[voir aussi l'émission "Complément d'enquête" sur le sujet
http://www.dailymotion.com/video/x44aad_zyprexa-danger_tech CB]
Le Zyprexa°(Olanzapine) devrait être retiré du marché
lundi 18 avril 2011
par Sylvie Simon
http://www.altermonde-sans-frontiere.com/spip.php?article16462
En décembre 2010, L'Express avait répertorié 10 médicaments à retirer d'urgence
du marché, dont le Zyprexa®. Ce psychotrope, commercialisé en France depuis
1999, est utilisé contre la schizophrénie et la dépression. Son principe
actif est l'olanzapine. Déjà prescrit à 20 millions de malades, ce
médicament qui est, de loin, le plus rentable du laboratoire Eli Lilly, est
toujours en vente et remboursé à 65 %, alors que la boite de 28 comprimés de
10 mg coûte 116,94 euros.
Pendant plusieurs années, Eli Lilly a fourni aux médecins des informations
sur son médicament vedette qui ne correspondaient guère aux résultats
internes mis à jour par la firme lorsqu'elle procéda aux premiers essais
cliniques du produit. Mais, le 21 décembre 2006, le New York Times a publié
des informations concernant les agissements du laboratoire Eli Lilly,
révélant les manigances de l'industrie pharmaceutique.
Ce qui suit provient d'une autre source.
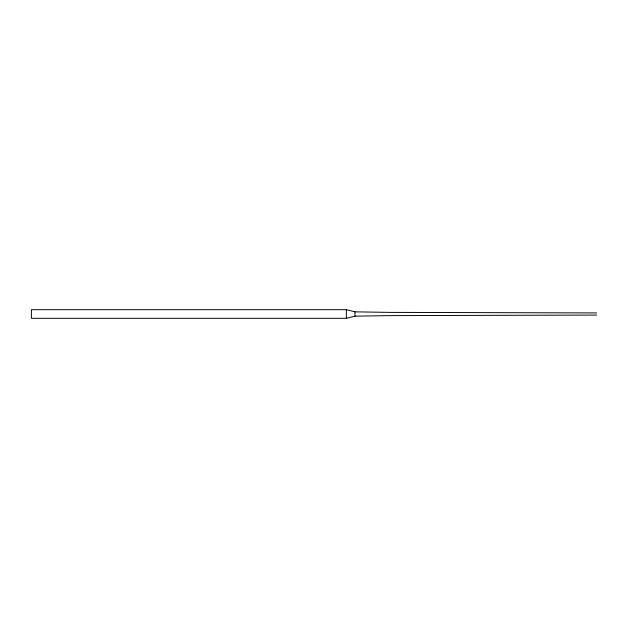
<?xml version="1.0" encoding="UTF-8"?>
<svg xmlns="http://www.w3.org/2000/svg" width="628" height="628" viewBox="0 0 628 628"><rect width="100%" height="100%" fill="white"/><g stroke="black" fill="none" stroke-linecap="round" stroke-linejoin="round"><path stroke-width="0.94" d="M596.6 312.925L389.501 312.383L354.985 311.841L346.358 309.683L31.4 309.683L31.4 318.317L346.358 318.317L354.985 316.159L389.501 315.617L596.6 315.075M354.985 311.841L354.985 316.159M346.358 309.683L346.358 318.317"/></g></svg>

Les documents publiés
par ce journal lui ont été fournis par James B. Gottstein, un avocat
canadien représentant les familles de plusieurs malades mentaux qui
attaquaient l'État de l'Alaska pour avoir forcé ces patients à prendre des
médicaments psychiatriques contre leur gré. L'avocat tenait ces documents d'une
personne impliquée dans le procès et il n'était pas soumis à la règle de
confidentialité qui couvre les poursuites judiciaires. D'après ces dossiers
internes de la firme, les dirigeants du laboratoire ont caché aux médecins d'importantes
informations concernant 30 % des patients traités par ce médicament qui ont
très rapidement pris du poids dès la première année. Cette augmentation a
été de 11 kg en moyenne, mais, chez certains malades, elle a atteint jusqu'à
50 kg. Il faut savoir que la plupart des psychotropes actuellement sur le
marché engendrent ce type d'effet indésirable, et l'Afssaps (Agence
française de sécurité sanitaire des produits de santé) considère ce gain de
poids comme « très commun et supérieur à 10 % ». Cependant, cette
augmentation est accompagnée de risques de diabète que la firme
pharmaceutique a toujours essayé d'occulter, persistant à nier tout lien de
causalité entre la prise de Zyprexa® et la survenue d'un diabète.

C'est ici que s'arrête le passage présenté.